Dataset entries
►

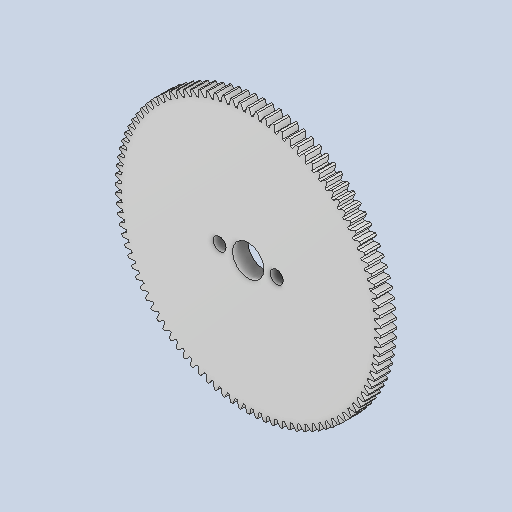
# Autodesk Inventor part: 平歯車1
Saved by Autodesk Inventor 2025.2 (Build 292293000, 293)
## iProperties
CustomPartVersion: 1
Created: 2025-01-13
Part Number: 平歯車1
Material: ABS プラスチック
Document SubType Name: Modeling
Designer: haruy
Categories: <?xml version="1.0" encoding="UTF-16"?> <MemberInstance><Categories><FamilyTemplate><FamilyTemplateParameter ValueType="xs:double" Id="1" ObjectReferenceKey="da_z" ObjectType="kUserParameterObject"/><FamilyTemplateParameter ValueType="xs:double" Id="2" ObjectReferenceKey="da_b" ObjectType="kUserParameterObject"/><FamilyTemplateParameter ValueType="xs:double" Id="3" ObjectReferenceKey="da_beta" ObjectType="kUserParameterObject"/><FamilyTemplateParameter ValueType="xs:double" Id="4" ObjectReferenceKey="da_da" ObjectType="kUserParameterObject"/><FamilyTemplateParameter ValueType="xs:double" Id="5" ObjectReferenceKey="da_aw" ObjectType="kUserParameterObject"/><FamilyTemplateParameter ValueType="xs:string" Id="6" ObjectReferenceKey="EAIAABAAAACIAQAAAAAAAIAAAAAAAAAA" ObjectType="83910656" SubObjectId="SurfaceGeometry"/></FamilyTemplate><ParamToTemplateMap><ParamToTemplate CategoryParameter="//CategoryParameter[@InternalName='046C89C9-8512-4d59-83FE-43B91F4F132A']" TemplateParameter="1"/><ParamToTemplate CategoryParameter="//CategoryParameter[@InternalName='2552DF32-E462-4b46-AEBF-C6C7768E72AC']" TemplateParameter="2"/><ParamToTemplate CategoryParameter="//CategoryParameter[@InternalName='C9EE641D-15FC-4fae-A226-E94C4372FDD7']" TemplateParameter="3"/><ParamToTemplate><ParamToTemplate CategoryParameter="//CategoryParameter[@InternalName='00B6519A-459B-49c7-AD84-2E56D39A5744']" ConstantValue="0.000000"/></ParamToTemplate><ParamToTemplate><ParamToTemplate CategoryParameter="//CategoryParameter[@InternalName='04B31F0E-C7A6-4894-AA32-9629BEFACF47']" ConstantValue="1.000000"/></ParamToTemplate><ParamToTemplate><ParamToTemplate CategoryParameter="//CategoryParameter[@InternalName='43CBEC2E-7847-49e7-A936-2F7889FCB2D9']" ConstantValue="0.250000"/></ParamToTemplate><ParamToTemplate><ParamToTemplate CategoryParameter="//CategoryParameter[@InternalName='B1EFC894-105D-4ebd-86BF-FA20ED196853']" ConstantValue="0.350000"/></ParamToTemplate><ParamToTemplate><ParamToTemplate CategoryParameter="//CategoryParameter[@InternalName='51175063-3D10-4879-93E8-6246FE8B403D']" ConstantValue="2060000000.000000"/></ParamToTemplate><ParamToTemplate><ParamToTemplate CategoryParameter="//CategoryParameter[@InternalName='A3A52E27-4454-46a9-B0BD-C932399B70AF']" ConstantValue="0.300000"/></ParamToTemplate><ParamToTemplate><ParamToTemplate CategoryParameter="//CategoryParameter[@InternalName='91B76062-C214-41d9-B1B9-14D2AB99603D']" ConstantValue="0.100000"/></ParamToTemplate><ParamToTemplate><ParamToTemplate CategoryParameter="//CategoryParameter[@InternalName='374E806E-8B8A-4dda-A9AA-1039D6500AD2']" ConstantValue="10.000000"/></ParamToTemplate><ParamToTemplate><ParamToTemplate CategoryParameter="//CategoryParameter[@InternalName='2D373A89-B862-43d6-8D0B-0CBF12AB9F6C']" ConstantValue="0.349066"/></ParamToTemplate><ParamToTemplate CategoryParameter="//CategoryParameter[@InternalName='37777632-D6A2-4fac-9D53-DB8ACD95C989']" TemplateParameter="4"/><ParamToTemplate CategoryParameter="//CategoryParameter[@InternalName='FD1017F1-B727-4f7e-9707-0F86F1FF9423']" TemplateParameter="5"/><ParamToTemplate><ParamToTemplate CategoryParameter="//CategoryParameter[@InternalName='9E1B4470-B2D3-4ff1-B813-535BB4CDF51A']" ConstantValue="3520000.000000"/></ParamToTemplate><ParamToTemplate><ParamToTemplate CategoryParameter="//CategoryParameter[@InternalName='F8452263-BFF6-458c-9FB1-07C4B99E95CD']" ConstantValue="11400000.000000"/></ParamToTemplate><ParamToTemplate><ParamToTemplate CategoryParameter="//CategoryParameter[@InternalName='3E3BB259-FD49-497f-8171-6EBC954A3479']" ConstantValue="2.000000"/></ParamToTemplate><ParamToTemplate CategoryParameter="//CategoryParameter[@InternalName='27C3BAF2-7550-4e4b-AE2C-0DB134B7D9B7']" TemplateParameter="6"/></ParamToTemplateMap><Category DisplayName="Gear" InternalName="DC85795E-93AB-48d5-8EEE-5A27447B64BD" Mnemonic="Gear"><CategoryParameter DisplayName="z" InternalName="046C89C9-8512-4d59-83FE-43B91F4F132A" Mnemonic="z"/><CategoryParameter DisplayName="b" InternalName="2552DF32-E462-4b46-AEBF-C6C7768E72AC" Mnemonic="b"/><CategoryParameter DisplayName="||b|" InternalName="C9EE641D-15FC-4fae-A226-E94C4372FDD7" Mnemonic="beta"/><CategoryParameter DisplayName="x" InternalName="00B6519A-459B-49c7-AD84-2E56D39A5744" Mnemonic="x"/><CategoryParameter DisplayName="a*" InternalName="04B31F0E-C7A6-4894-AA32-9629BEFACF47" Mnemonic="a"/><CategoryParameter DisplayName="c*" InternalName="43CBEC2E-7847-49e7-A936-2F7889FCB2D9" Mnemonic="c"/><CategoryParameter DisplayName="r|.f|*" InternalName="B1EFC894-105D-4ebd-86BF-FA20ED196853" Mnemonic="rf"/><CategoryParameter DisplayName="E" InternalName="51175063-3D10-4879-93E8-6246FE8B403D" Mnemonic="E"/><CategoryParameter DisplayName="||m|" InternalName="A3A52E27-4454-46a9-B0BD-C932399B70AF" Mnemonic="mi"/><Category DisplayName="SpurGear" InternalName="26C5A22E-A91E-4dfd-A3B3-23CCAFAE1764" Mnemonic="SpurGear"><CategoryParameter DisplayName="m" InternalName="91B76062-C214-41d9-B1B9-14D2AB99603D" Mnemonic="m"/><CategoryParameter DisplayName="P" InternalName="374E806E-8B8A-4dda-A9AA-1039D6500AD2" Mnemonic="PP"/><CategoryParameter DisplayName="||a|" InternalName="2D373A89-B862-43d6-8D0B-0CBF12AB9F6C" Mnemonic="alpha"/><CategoryParameter DisplayName="d|.a|" InternalName="37777632-D6A2-4fac-9D53-DB8ACD95C989" Mnemonic="da"/><CategoryParameter DisplayName="a|.w|" InternalName="FD1017F1-B727-4f7e-9707-0F86F1FF9423" Mnemonic="aw"/><CategoryParameter DisplayName="||s||.Flim|" InternalName="9E1B4470-B2D3-4ff1-B813-535BB4CDF51A" Mnemonic="sFlim"/><CategoryParameter DisplayName="||s||.Hlim|" InternalName="F8452263-BFF6-458c-9FB1-07C4B99E95CD" Mnemonic="sHlim"/><CategoryParameter DisplayName="タイプ" InternalName="3E3BB259-FD49-497f-8171-6EBC954A3479" Mnemonic="type"/><CategoryParameter DisplayName="PitchDiameter" InternalName="27C3BAF2-7550-4e4b-AE2C-0DB134B7D9B7" Mnemonic="IDS_PITCHDIAM"/></Category></Category></Categories></MemberInstance>
Density: 1.06 g/cm^3
Appearance: 滑らか - 白
Author: haruy
Autodesk Inventor part; units mm, degrees
ref_plane "YZ Plane" through (0, 0, 0) normal (1, 0, 0) x (0, 1, 0)
ref_plane "XZ Plane" through (0, 0, 0) normal (0, 1, 0) x (-1, 0, 0)
ref_plane "XY Plane" through (0, 0, 0) normal (0, 0, 1) x (1, 0, 0)
sketch "Sketch1" plane through (0, 0, 0) normal (0, 0, 1) x (1, 0, 0)
  circle A0 centre (0, 0) radius 51
  dimension "d0" = 102
  constraints: 1 centre point
  measures "d0" diameter of A0
extrude "Extrusion1" add sketch "Sketch1" along normal blind 6
ref_plane "Work Plane2" through (0, 0, 3) normal (0, 0, 1) x (1, 0, 0)
sketch "Sketch2" plane through (0, 0, 0) normal (0, 0, -1) x (-1, 0, 0)
  circle A0 centre (0, 0) radius 51 projected
  circle A1 centre (0, 0) radius 50
  dimension "d3" = 100
  constraints: 1 centre point, 1 coincident
  measures "d3" diameter of A1
surface extrude "ピッチ円直径" sketch "Sketch2" against normal through all shown no curves A1
ref_plane "Work Plane8" through (0, 0, 0) normal (0.9995066, 0.0314108, 0) x (0, 0, 1)
ref_plane "Work Plane9" through (0, 0, 0) normal (1, 0, 0) x (0, 1, 0)
spur gear teeth "平歯車" teeth 100 pitch diameter 100 tip diameter 102 root diameter 97.5 face width 6 start plane through (0, 0, 0) normal (0, 0, -1) x (-1, 0, 0)
sketch "スケッチ3" plane through (0, 0, 6) normal (0, 0, 1) x (1, 0, 0)
  circle A0 centre (0, 0) radius 6
  circle A1 centre (0, 0) radius 11
  circle A2 centre (-11, 0) radius 2.5
  circle A3 centre (11, 0) radius 2.5
  dimension "d50" = 22
  dimension "d49" = 12
  dimension "d51" = 5
  dimension "d54" = 360
  constraints: 3 centre point, 2 coincident, 1 horizontal alignment, 7 other
  measures "d49" diameter of A0
  measures "d51" diameter of A2
extrude "押し出し2" cut sketch "スケッチ3" against normal blind 10 contours A0 | A1 A3 | A1 A3 | A2 A1 | A1 A2
sketch "スケッチ4" plane through (0, 0, 6) normal (0, 0, 1) x (1, 0, 0)
  circle A0 centre (11, 0) radius 2.5 projected
  circle A1 centre (-11, 0) radius 2.5 projected
  circle A2 centre (0, 0) radius 6 projected
  arc A3 (-3.602, 50.8726) -> (-4.2065, 48.5682) centre (9.678, 46.1577) ccw projected
  arc A4 (-4.2065, 48.5682) -> (-4.9688, 48.4961) centre (0, 0) ccw projected
  arc A5 (-4.9688, 48.4961) -> (-5.9944, 50.6465) centre (-18.1557, 43.5266) ccw projected
  arc A6 (-5.9944, 50.6465) -> (-6.7892, 50.5461) centre (0, 0) ccw projected
  arc A7 (-6.7892, 50.5461) -> (-7.2478, 48.2082) centre (6.7606, 46.6743) ccw projected
  arc A8 (-7.2478, 48.2082) -> (-8.0041, 48.0884) centre (0, 0) ccw projected
  arc A9 (-8.0041, 48.0884) -> (-9.1627, 50.1702) centre (-20.8529, 42.3007) ccw projected
  arc A10 (-9.1627, 50.1702) -> (-9.9496, 50.02) centre (0, 0) ccw projected
  arc A11 (-9.9496, 50.02) -> (-10.2605, 47.658) centre (3.8166, 47.0067) ccw projected
  arc A12 (-10.2605, 47.658) -> (-11.0078, 47.491) centre (0, 0) ccw projected
  arc A13 (-11.0078, 47.491) -> (-12.2948, 49.4958) centre (-23.4678, 40.9079) ccw projected
  arc A14 (-12.2948, 49.4958) -> (-13.0708, 49.2966) centre (0, 0) ccw projected
  arc A15 (-13.0708, 49.2966) -> (-13.2327, 46.9197) centre (0.8575, 47.1536) ccw projected
  arc A16 (-13.2327, 46.9197) -> (-13.9681, 46.7061) centre (0, 0) ccw projected
  arc A17 (-13.9681, 46.7061) -> (-15.3784, 48.6262) centre (-25.9901, 39.3536) ccw projected
  arc A18 (-15.3784, 48.6262) -> (-16.1403, 48.3786) centre (0, 0) ccw projected
  arc A19 (-16.1403, 48.3786) -> (-16.1527, 45.9962) centre (-2.105, 47.1143) ccw projected
  arc A20 (-16.1527, 45.9962) -> (-16.8732, 45.7368) centre (0, 0) ccw projected
  arc A21 (-16.8732, 45.7368) -> (-18.4014, 47.5646) centre (-28.4099, 37.644) ccw projected
  arc A22 (-18.4014, 47.5646) -> (-19.1462, 47.2697) centre (0, 0) ccw projected
  arc A23 (-19.1462, 47.2697) -> (-19.009, 44.8912) centre (-5.0592, 46.8892) ccw projected
  arc A24 (-19.009, 44.8912) -> (-19.7118, 44.5871) centre (0, 0) ccw projected
  arc A25 (-19.7118, 44.5871) -> (-21.3516, 46.3153) centre (-30.7175, 35.7859) ccw projected
  arc A26 (-21.3516, 46.3153) -> (-22.0765, 45.9742) centre (0, 0) ccw projected
  arc A27 (-22.0765, 45.9742) -> (-21.7902, 43.6091) centre (-7.9934, 46.479) ccw projected
  arc A28 (-21.7902, 43.6091) -> (-22.4725, 43.2614) centre (0, 0) ccw projected
  arc A29 (-22.4725, 43.2614) -> (-24.2177, 44.8832) centre (-32.9039, 33.7865) ccw projected
  arc A30 (-24.2177, 44.8832) -> (-24.9197, 44.4973) centre (0, 0) ccw projected
  arc A31 (-24.9197, 44.4973) -> (-24.4854, 42.1548) centre (-10.8961, 45.8854) ccw projected
  arc A32 (-24.4854, 42.1548) -> (-25.1446, 41.765) centre (0, 0) ccw projected
  arc A33 (-25.1446, 41.765) -> (-26.9881, 43.274) centre (-34.9605, 31.6537) ccw projected
  arc A34 (-26.9881, 43.274) -> (-27.6645, 42.8448) centre (0, 0) ccw projected
  arc A35 (-27.6645, 42.8448) -> (-27.084, 40.5341) centre (-13.7557, 45.1107) ccw projected
  arc A36 (-27.084, 40.5341) -> (-27.7174, 40.1037) centre (0, 0) ccw projected
  arc A37 (-27.7174, 40.1037) -> (-29.6521, 41.494) centre (-36.879, 29.3961) ccw projected
  arc A38 (-29.6521, 41.494) -> (-30.3002, 41.0232) centre (0, 0) ccw projected
  arc A39 (-30.3002, 41.0232) -> (-29.5758, 38.7535) centre (-16.5611, 44.1579) ccw projected
  arc A40 (-29.5758, 38.7535) -> (-30.1808, 38.2842) centre (0, 0) ccw projected
  arc A41 (-30.1808, 38.2842) -> (-32.199, 39.5503) centre (-38.652, 27.0224) ccw projected
  arc A42 (-32.199, 39.5503) -> (-32.8162, 39.0396) centre (0, 0) ccw projected
  arc A43 (-32.8162, 39.0396) -> (-31.9508, 36.82) centre (-19.3011, 43.0309) ccw projected
  arc A44 (-31.9508, 36.82) -> (-32.5252, 36.3136) centre (0, 0) ccw projected
  arc A45 (-32.5252, 36.3136) -> (-34.6188, 37.4504) centre (-40.2725, 24.5421) ccw projected
  arc A46 (-34.6188, 37.4504) -> (-35.2028, 36.9021) centre (0, 0) ccw projected
  arc A47 (-35.2028, 36.9021) -> (-34.1997, 34.7411) centre (-21.965, 41.7341) ccw projected
  arc A48 (-34.1997, 34.7411) -> (-34.7411, 34.1997) centre (0, 0) ccw projected
  arc A49 (-34.7411, 34.1997) -> (-36.9021, 35.2028) centre (-41.7341, 21.965) ccw projected
  arc A50 (-36.9021, 35.2028) -> (-37.4504, 34.6188) centre (0, 0) ccw projected
  arc A51 (-37.4504, 34.6188) -> (-36.3136, 32.5252) centre (-24.5421, 40.2725) ccw projected
  arc A52 (-36.3136, 32.5252) -> (-36.82, 31.9508) centre (0, 0) ccw projected
  arc A53 (-36.82, 31.9508) -> (-39.0396, 32.8162) centre (-43.0309, 19.3011) ccw projected
  arc A54 (-39.0396, 32.8162) -> (-39.5503, 32.199) centre (0, 0) ccw projected
  arc A55 (-39.5503, 32.199) -> (-38.2842, 30.1808) centre (-27.0224, 38.652) ccw projected
  arc A56 (-38.2842, 30.1808) -> (-38.7535, 29.5758) centre (0, 0) ccw projected
  arc A57 (-38.7535, 29.5758) -> (-41.0232, 30.3002) centre (-44.1579, 16.5611) ccw projected
  arc A58 (-41.0232, 30.3002) -> (-41.494, 29.6521) centre (0, 0) ccw projected
  arc A59 (-41.494, 29.6521) -> (-40.1037, 27.7174) centre (-29.3961, 36.879) ccw projected
  arc A60 (-40.1037, 27.7174) -> (-40.5341, 27.084) centre (0, 0) ccw projected
  arc A61 (-40.5341, 27.084) -> (-42.8448, 27.6645) centre (-45.1107, 13.7557) ccw projected
  arc A62 (-42.8448, 27.6645) -> (-43.274, 26.9881) centre (0, 0) ccw projected
  arc A63 (-43.274, 26.9881) -> (-41.765, 25.1446) centre (-31.6537, 34.9605) ccw projected
  arc A64 (-41.765, 25.1446) -> (-42.1548, 24.4854) centre (0, 0) ccw projected
  arc A65 (-42.1548, 24.4854) -> (-44.4973, 24.9197) centre (-45.8854, 10.8961) ccw projected
  arc A66 (-44.4973, 24.9197) -> (-44.8832, 24.2177) centre (0, 0) ccw projected
  arc A67 (-44.8832, 24.2177) -> (-43.2614, 22.4725) centre (-33.7865, 32.9039) ccw projected
  arc A68 (-43.2614, 22.4725) -> (-43.6091, 21.7902) centre (0, 0) ccw projected
  arc A69 (-43.6091, 21.7902) -> (-45.9742, 22.0765) centre (-46.479, 7.9934) ccw projected
  arc A70 (-45.9742, 22.0765) -> (-46.3153, 21.3516) centre (0, 0) ccw projected
  arc A71 (-46.3153, 21.3516) -> (-44.5871, 19.7118) centre (-35.7859, 30.7175) ccw projected
  arc A72 (-44.5871, 19.7118) -> (-44.8912, 19.009) centre (0, 0) ccw projected
  arc A73 (-44.8912, 19.009) -> (-47.2697, 19.1462) centre (-46.8892, 5.0592) ccw projected
  arc A74 (-47.2697, 19.1462) -> (-47.5646, 18.4014) centre (0, 0) ccw projected
  arc A75 (-47.5646, 18.4014) -> (-45.7368, 16.8732) centre (-37.644, 28.4099) ccw projected
  arc A76 (-45.7368, 16.8732) -> (-45.9962, 16.1527) centre (0, 0) ccw projected
  arc A77 (-45.9962, 16.1527) -> (-48.3786, 16.1403) centre (-47.1143, 2.105) ccw projected
  arc A78 (-48.3786, 16.1403) -> (-48.6262, 15.3784) centre (0, 0) ccw projected
  arc A79 (-48.6262, 15.3784) -> (-46.7061, 13.9681) centre (-39.3536, 25.9901) ccw projected
  arc A80 (-46.7061, 13.9681) -> (-46.9197, 13.2327) centre (0, 0) ccw projected
  arc A81 (-46.9197, 13.2327) -> (-49.2966, 13.0708) centre (-47.1536, -0.8575) ccw projected
  arc A82 (-49.2966, 13.0708) -> (-49.4958, 12.2948) centre (0, 0) ccw projected
  arc A83 (-49.4958, 12.2948) -> (-47.491, 11.0078) centre (-40.9079, 23.4678) ccw projected
  arc A84 (-47.491, 11.0078) -> (-47.658, 10.2605) centre (0, 0) ccw projected
  arc A85 (-47.658, 10.2605) -> (-50.02, 9.9496) centre (-47.0067, -3.8166) ccw projected
  arc A86 (-50.02, 9.9496) -> (-50.1702, 9.1627) centre (0, 0) ccw projected
  arc A87 (-50.1702, 9.1627) -> (-48.0884, 8.0041) centre (-42.3007, 20.8529) ccw projected
  arc A88 (-48.0884, 8.0041) -> (-48.2082, 7.2478) centre (0, 0) ccw projected
  arc A89 (-48.2082, 7.2478) -> (-50.5461, 6.7892) centre (-46.6743, -6.7606) ccw projected
  arc A90 (-50.5461, 6.7892) -> (-50.6465, 5.9944) centre (0, 0) ccw projected
  arc A91 (-50.6465, 5.9944) -> (-48.4961, 4.9688) centre (-43.5266, 18.1557) ccw projected
  arc A92 (-48.4961, 4.9688) -> (-48.5682, 4.2065) centre (0, 0) ccw projected
  arc A93 (-48.5682, 4.2065) -> (-50.8726, 3.602) centre (-46.1577, -9.678) ccw projected
  arc A94 (-50.8726, 3.602) -> (-50.9229, 2.8025) centre (0, 0) ccw projected
  arc A95 (-50.9229, 2.8025) -> (-48.7124, 1.9139) centre (-44.5807, 15.3868) ccw projected
  arc A96 (-48.7124, 1.9139) -> (-48.7365, 1.1485) centre (0, 0) ccw projected
  arc A97 (-48.7365, 1.1485) -> (-50.9984, 0.4005) centre (-45.4589, -12.5572) ccw projected
  arc A98 (-50.9984, 0.4005) -> (-50.9984, -0.4005) centre (0, 0) ccw projected
  arc A99 (-50.9984, -0.4005) -> (-48.7365, -1.1485) centre (-45.4589, 12.5572) ccw projected
  arc A100 (-48.7365, -1.1485) -> (-48.7124, -1.9139) centre (0, 0) ccw projected
  arc A101 (-48.7124, -1.9139) -> (-50.9229, -2.8025) centre (-44.5807, -15.3868) ccw projected
  arc A102 (-50.9229, -2.8025) -> (-50.8726, -3.602) centre (0, 0) ccw projected
  arc A103 (-50.8726, -3.602) -> (-48.5682, -4.2065) centre (-46.1577, 9.678) ccw projected
  arc A104 (-48.5682, -4.2065) -> (-48.4961, -4.9688) centre (0, 0) ccw projected
  arc A105 (-48.4961, -4.9688) -> (-50.6465, -5.9944) centre (-43.5266, -18.1557) ccw projected
  arc A106 (-50.6465, -5.9944) -> (-50.5461, -6.7892) centre (0, 0) ccw projected
  arc A107 (-50.5461, -6.7892) -> (-48.2082, -7.2478) centre (-46.6743, 6.7606) ccw projected
  arc A108 (-48.2082, -7.2478) -> (-48.0884, -8.0041) centre (0, 0) ccw projected
  arc A109 (-48.0884, -8.0041) -> (-50.1702, -9.1627) centre (-42.3007, -20.8529) ccw projected
  arc A110 (-50.1702, -9.1627) -> (-50.02, -9.9496) centre (0, 0) ccw projected
  arc A111 (-50.02, -9.9496) -> (-47.658, -10.2605) centre (-47.0067, 3.8166) ccw projected
  arc A112 (-47.658, -10.2605) -> (-47.491, -11.0078) centre (0, 0) ccw projected
  arc A113 (-47.491, -11.0078) -> (-49.4958, -12.2948) centre (-40.9079, -23.4678) ccw projected
  arc A114 (-49.4958, -12.2948) -> (-49.2966, -13.0708) centre (0, 0) ccw projected
  arc A115 (-49.2966, -13.0708) -> (-46.9197, -13.2327) centre (-47.1536, 0.8575) ccw projected
  arc A116 (-46.9197, -13.2327) -> (-46.7061, -13.9681) centre (0, 0) ccw projected
  arc A117 (-46.7061, -13.9681) -> (-48.6262, -15.3784) centre (-39.3536, -25.9901) ccw projected
  arc A118 (-48.6262, -15.3784) -> (-48.3786, -16.1403) centre (0, 0) ccw projected
  arc A119 (-48.3786, -16.1403) -> (-45.9962, -16.1527) centre (-47.1143, -2.105) ccw projected
  arc A120 (-45.9962, -16.1527) -> (-45.7368, -16.8732) centre (0, 0) ccw projected
  arc A121 (-45.7368, -16.8732) -> (-47.5646, -18.4014) centre (-37.644, -28.4099) ccw projected
  arc A122 (-47.5646, -18.4014) -> (-47.2697, -19.1462) centre (0, 0) ccw projected
  arc A123 (-47.2697, -19.1462) -> (-44.8912, -19.009) centre (-46.8892, -5.0592) ccw projected
  arc A124 (-44.8912, -19.009) -> (-44.5871, -19.7118) centre (0, 0) ccw projected
  arc A125 (-44.5871, -19.7118) -> (-46.3153, -21.3516) centre (-35.7859, -30.7175) ccw projected
  arc A126 (-46.3153, -21.3516) -> (-45.9742, -22.0765) centre (0, 0) ccw projected
  arc A127 (-45.9742, -22.0765) -> (-43.6091, -21.7902) centre (-46.479, -7.9934) ccw projected
  arc A128 (-43.6091, -21.7902) -> (-43.2614, -22.4725) centre (0, 0) ccw projected
  arc A129 (-43.2614, -22.4725) -> (-44.8832, -24.2177) centre (-33.7865, -32.9039) ccw projected
  arc A130 (-44.8832, -24.2177) -> (-44.4973, -24.9197) centre (0, 0) ccw projected
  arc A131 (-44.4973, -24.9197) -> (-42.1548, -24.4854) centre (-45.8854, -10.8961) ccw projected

◄

§ YOUR TASK:
Set down, exactly as they stand above, the lines starting with the line with "arc A28 (-21.7902, 43.6091)" and going on through the line with "arc A32 (-24.4854, 42.1548)", and no others.

§ ANSWER TO THE EXERCISE:
  arc A28 (-21.7902, 43.6091) -> (-22.4725, 43.2614) centre (0, 0) ccw projected
  arc A29 (-22.4725, 43.2614) -> (-24.2177, 44.8832) centre (-32.9039, 33.7865) ccw projected
  arc A30 (-24.2177, 44.8832) -> (-24.9197, 44.4973) centre (0, 0) ccw projected
  arc A31 (-24.9197, 44.4973) -> (-24.4854, 42.1548) centre (-10.8961, 45.8854) ccw projected
  arc A32 (-24.4854, 42.1548) -> (-25.1446, 41.765) centre (0, 0) ccw projected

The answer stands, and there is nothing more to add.